Automatic Index Recommendations: Tools like hypopg can create hypothetical indexes by analyzing the current query load and simulate their impact on query performance with EXPLAIN. Such tools can serve as a starting point for new indexes, but they always require manual verification and testing. In my experience, while these tools offer a list of "potential indexes," I always make the final decision, as tools cannot fully evaluate trade-offs.

"Why Was No Index Used?" Crises and Their Solutions

Sometimes, even after adding an index to a column, you might find that the query is still slow and EXPLAIN ANALYZE shows that the index is not being used. This situation usually stems from some insidious reasons:

Data Type Mismatches (Implicit Casts): If the data type of the indexed column does not match the data type of the value being compared in the query, PostgreSQL performs an implicit cast (coercion). This cast operation prevents the index from being used. For example, if you add an index to a VARCHAR column and query with WHERE my_column = 123, the database will try to convert the VARCHAR value to an INTEGER, and the index will not be used. The correct solution is to match the type of the compared value to that of the indexed column: WHERE my_column = '123'. This was a common issue I encountered with date columns in a customer project; comparing a date with an index on a timestamp column killed the index.

Function Calls on Indexed Columns: Queries like WHERE function(indexed_column) = 'value' prevent the index from being used. This is because the index was created on the original values of indexed_column, not on the values returned by the function.

-- Incorrect: Index will not be used
SELECT * FROM users WHERE lower(email) = 'mustafa@example.com';

-- Correct: Index can be used (if a functional index exists or if you use the email column directly)
-- A functional index can be created: CREATE INDEX idx_users_lower_email ON users (lower(email));
-- Or by changing the query: SELECT * FROM users WHERE email = 'mustafa@example.com';

If you frequently search on lower(email), creating a functional index is a solution.

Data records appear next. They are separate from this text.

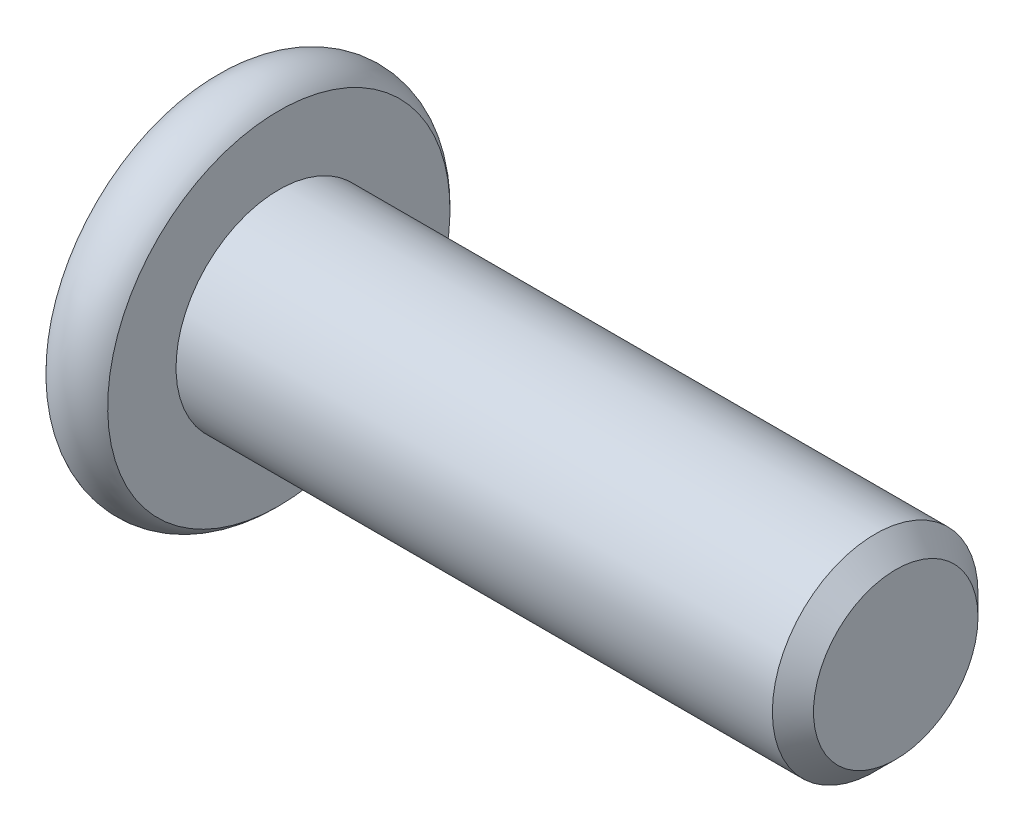
from build123d import *

# Parameters (mm, degrees)
SKETCH2_R           = 2.5
BOSS_EXTRUDE1_DEPTH = 15
CHAMFER1_SIZE       = 0.5
CUT_EXTRUDE1_DEPTH  = 2.3
SKETCH8_R           = 1.782050808
CUT_EXTRUDE2_DEPTH  = 1
CUT_EXTRUDE2_TAPER  = 45


with BuildPart() as part:
    # Sketch2 → Boss-Extrude1 (new body)
    with BuildSketch(Plane(origin=(0, 0, 0), x_dir=(0, 0, -1), z_dir=(1, 0, 0))):
        Circle(SKETCH2_R)
    extrude(amount=-BOSS_EXTRUDE1_DEPTH)

    # Chamfer1
    chamfer1_edges = [part.edges().sort_by_distance(p)[0] for p in [
        (0, 0, 2.5),
    ]]
    chamfer(chamfer1_edges, length=CHAMFER1_SIZE)

    # Sketch6 → Revolve1 (revolve)
    with BuildSketch(Plane.XY):
        with BuildLine():
            Line((-16.5, 0), (-16.5, 4.161437828))
            ThreePointArc((-16.5, 4.161437828), (-15.75, 4.5), (-15, 4.161437828))
            Line((-15, 4.161437828), (-15, 0))
            Line((-15, 0), (-16.5, 0))
        make_face()
    revolve(axis=Axis((-15, 0, 0), (1, 0, 0)))

    # Sketch7 → Cut-Extrude1 (cut)
    with BuildSketch(Plane.ZY.offset(16.5)):
        Polygon((0, 1.732050808), (-1.5, 0.866025404), (-1.5, -0.866025404), (0, -1.732050808), (1.5, -0.866025404), (1.5, 0.866025404), align=None)
    extrude(amount=-CUT_EXTRUDE1_DEPTH, mode=Mode.SUBTRACT)

    # Sketch8 → Cut-Extrude2 (cut)
    with BuildSketch(Plane.ZY.offset(16.5)):
        Circle(SKETCH8_R)
    extrude(amount=-CUT_EXTRUDE2_DEPTH, taper=CUT_EXTRUDE2_TAPER, mode=Mode.SUBTRACT)


solid = part.part
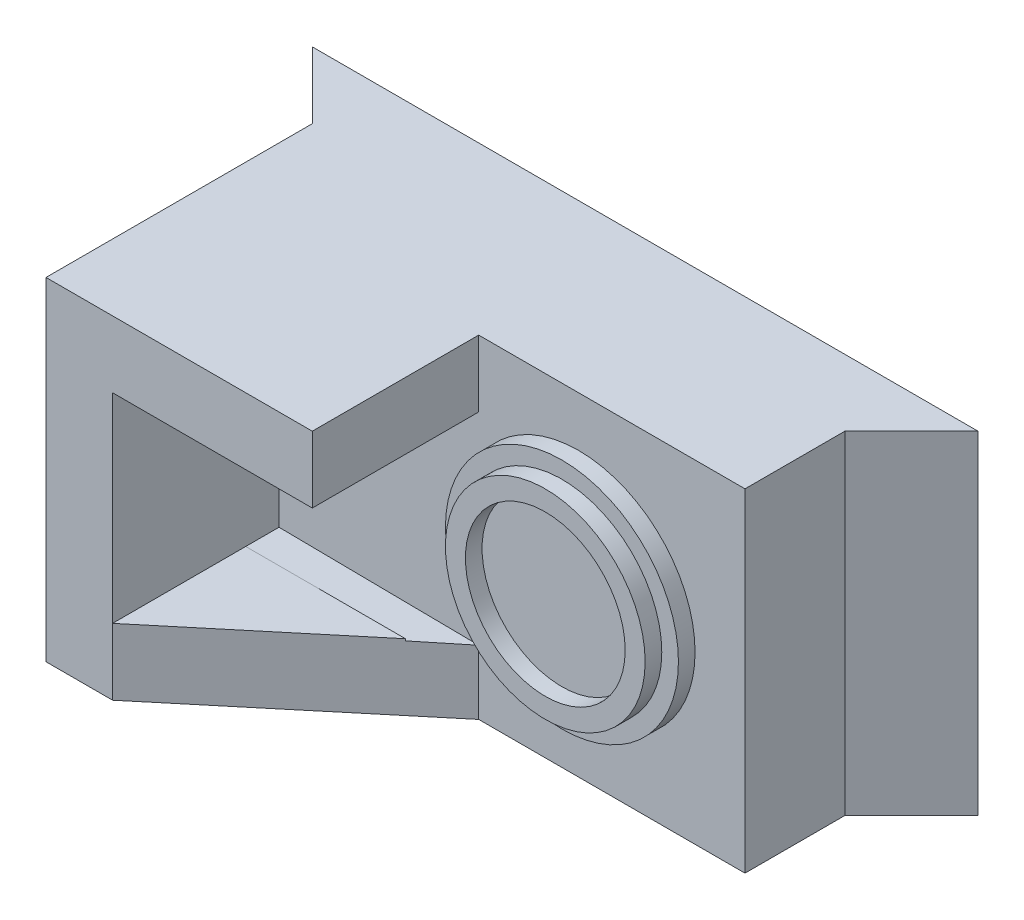
from build123d import *

# Parameters (mm, degrees)
ESQUISSE2_W              = 100
ESQUISSE2_H              = 50
BOSS_EXTRU_1_DEPTH       = 50
ENL_V_MAT_EXTRU_2_DEPTH  = 51
ESQUISSE7_W              = 40
ESQUISSE7_H              = 50
ENL_V_MAT_EXTRU_3_DEPTH  = 20
ESQUISSE8_W              = 30
ESQUISSE8_H              = 30
ENL_V_MAT_EXTRU_4_DEPTH  = 20
ENL_V_MAT_EXTRU_7_DEPTH  = 2.5
ENL_V_MAT_EXTRU_10_DEPTH = 5
ENL_V_MAT_EXTRU_11_DEPTH = 5
ENL_V_MAT_EXTRU_12_DEPTH = 10
ESQUISSE16_R             = 17.5
ESQUISSE16_R_2           = 15
ENL_V_MAT_EXTRU_13_DEPTH = 2.5
ESQUISSE17_R             = 12
ENL_V_MAT_EXTRU_14_DEPTH = 2.5


with BuildPart() as part:
    # Esquisse2 → Boss.-Extru.1 (new body)
    with BuildSketch(Plane.XY):
        with Locations((19.891640867, -6.114551084)):
            Rectangle(ESQUISSE2_W, ESQUISSE2_H)
    extrude(amount=BOSS_EXTRU_1_DEPTH)

    # Esquisse5 → Enlèv. mat.-Extru.2 (cut, through all)
    with BuildSketch(Plane(origin=(0, -31.114551084, 0), x_dir=(-1, 0, 0), z_dir=(0, -1, 0))):
        Polygon((30.108359133, 0), (20.108359133, -10), (20.108359133, -50), (30.108359133, -50), align=None)
        Polygon((-69.891640867, 0), (-59.891640867, -10), (-59.891640867, -50), (-69.891640867, -50), align=None)
    extrude(amount=-ENL_V_MAT_EXTRU_2_DEPTH, mode=Mode.SUBTRACT)

    # Esquisse7 → Enlèv. mat.-Extru.3 (cut)
    with BuildSketch(Plane.XY.offset(50)):
        with Locations((39.891640867, -6.114551084)):
            Rectangle(ESQUISSE7_W, ESQUISSE7_H)
    extrude(amount=-ENL_V_MAT_EXTRU_3_DEPTH, mode=Mode.SUBTRACT)

    # Esquisse8 → Enlèv. mat.-Extru.4 (cut)
    with BuildSketch(Plane.XY.offset(50)):
        with Locations((4.891640867, -6.114551084)):
            Rectangle(ESQUISSE8_W, ESQUISSE8_H)
    extrude(amount=-ENL_V_MAT_EXTRU_4_DEPTH, mode=Mode.SUBTRACT)

    # Esquisse9 → Enlèv. mat.-Extru.7 (cut)
    with BuildSketch(Plane.XY.offset(30)):
        with BuildLine():
            Line((25.877762678, 8.885448916), (19.891640867, 8.885448916))
            Line((19.891640867, 8.885448916), (-10.108359133, 8.885448916))
            Line((-10.108359133, 8.885448916), (-10.108359133, -20.265562259))
            Line((-10.108359133, -20.265562259), (-10.108359133, -21.114551084))
            Line((-10.108359133, -21.114551084), (19.891640867, -21.114551084))
            Line((19.891640867, -21.114551084), (26.628394236, -21.540787019))
            ThreePointArc((26.628394236, -21.540787019), (17.396963997, -6.546154144), (25.877762678, 8.885448916))
        make_face()
    extrude(amount=-ENL_V_MAT_EXTRU_7_DEPTH, mode=Mode.SUBTRACT)

    # Esquisse11 → Enlèv. mat.-Extru.10 (cut)
    with BuildSketch(Plane.XY.offset(30)):
        with BuildLine():
            Line((26.628394236, -21.540787019), (19.891640867, -21.114551084))
            Line((19.891640867, -21.114551084), (19.891640867, -31.114551084))
            Line((19.891640867, -31.114551084), (59.891640867, -31.114551084))
            Line((59.891640867, -31.114551084), (59.891640867, 18.885448916))
            Line((59.891640867, 18.885448916), (19.891640867, 18.885448916))
            Line((19.891640867, 18.885448916), (19.891640867, 8.885448916))
            Line((19.891640867, 8.885448916), (25.877762678, 8.885448916))
            ThreePointArc((25.877762678, 8.885448916), (43.508691746, 9.116878073), (52.391640867, -6.114551084))
            ThreePointArc((52.391640867, -6.114551084), (43.881723847, -21.12882456), (26.628394236, -21.540787019))
        make_face()
    extrude(amount=-ENL_V_MAT_EXTRU_10_DEPTH, mode=Mode.SUBTRACT)

    # Esquisse13 → Enlèv. mat.-Extru.11 (cut)
    with BuildSketch(Plane.XY.offset(30)):
        with BuildLine():
            ThreePointArc((26.628394236, -21.540787019), (17.396963997, -6.546154144), (25.877762678, 8.885448916))
            Line((25.877762678, 8.885448916), (-10.108359133, 8.885448916))
            Line((-10.108359133, 8.885448916), (-10.108359133, -21.114551084))
            Line((-10.108359133, -21.114551084), (26.628394236, -21.540787019))
        make_face()
    extrude(amount=-ENL_V_MAT_EXTRU_11_DEPTH, mode=Mode.SUBTRACT)

    # Esquisse15 → Enlèv. mat.-Extru.12 (cut)
    with BuildSketch(Plane(origin=(0, -31.114551084, 0), x_dir=(-1, 0, 0), z_dir=(0, -1, 0))):
        Polygon((10.108359133, -50), (-19.891640867, -25), (-19.891640867, -50), align=None)
    extrude(amount=-ENL_V_MAT_EXTRU_12_DEPTH, mode=Mode.SUBTRACT)

    # Esquisse16 → Enlèv. mat.-Extru.13 (cut)
    with BuildSketch(Plane.XY.offset(30)):
        with Locations((34.891640867, -6.114551084)):
            Circle(ESQUISSE16_R)
        with Locations((34.891640867, -6.114551084)):
            Circle(ESQUISSE16_R_2, mode=Mode.SUBTRACT)
    extrude(amount=-ENL_V_MAT_EXTRU_13_DEPTH, mode=Mode.SUBTRACT)

    # Esquisse17 → Enlèv. mat.-Extru.14 (cut)
    with BuildSketch(Plane.XY.offset(30)):
        with Locations((34.891640867, -6.114551084)):
            Circle(ESQUISSE17_R)
    extrude(amount=-ENL_V_MAT_EXTRU_14_DEPTH, mode=Mode.SUBTRACT)


solid = part.part

Optimizer's Incorrect Estimation (Stale Statistics): The PostgreSQL optimizer uses table and index statistics to create query plans. If the data distribution has changed significantly and the statistics are not up-to-date (i.e., the ANALYZE operation has not run for a long time), the optimizer might choose an incorrect plan and avoid using an index. Running the command ANALYZE TABLE table_name; usually resolves this issue.
Very Small Tables: For very small tables (generally under a few thousand rows), the database might find it faster to perform a sequential scan than to use an index. The cost of reading the index and then going to the main table might be higher than reading the entire table from start to finish. This is an "it is what it is" situation; obsessing over indexes for small tables is usually unnecessary.
Complex Conditions and ORM Traps: Sometimes ORMs (Object-Relational Mappers) can generate complex and inefficient queries. Conditions combined with the OR operator might not be able to use multiple indexes simultaneously and can lead to a sequential scan. In such cases, it might be necessary to optimize the query manually or break it down using UNION ALL. The N+1 query problem, in particular, is a trap that ORMs frequently fall into, and while it doesn't directly affect the query plan, it results in a large number of small, expensive queries being executed. I discussed this in detail in my previous post [Related: ORM Traps and Solutions].

🔥 Caution: EXPLAIN ANALYZE Results

Seeing Bitmap Heap Scan in EXPLAIN ANALYZE output indicates that an index was used, but the main table still had to be accessed to retrieve the data.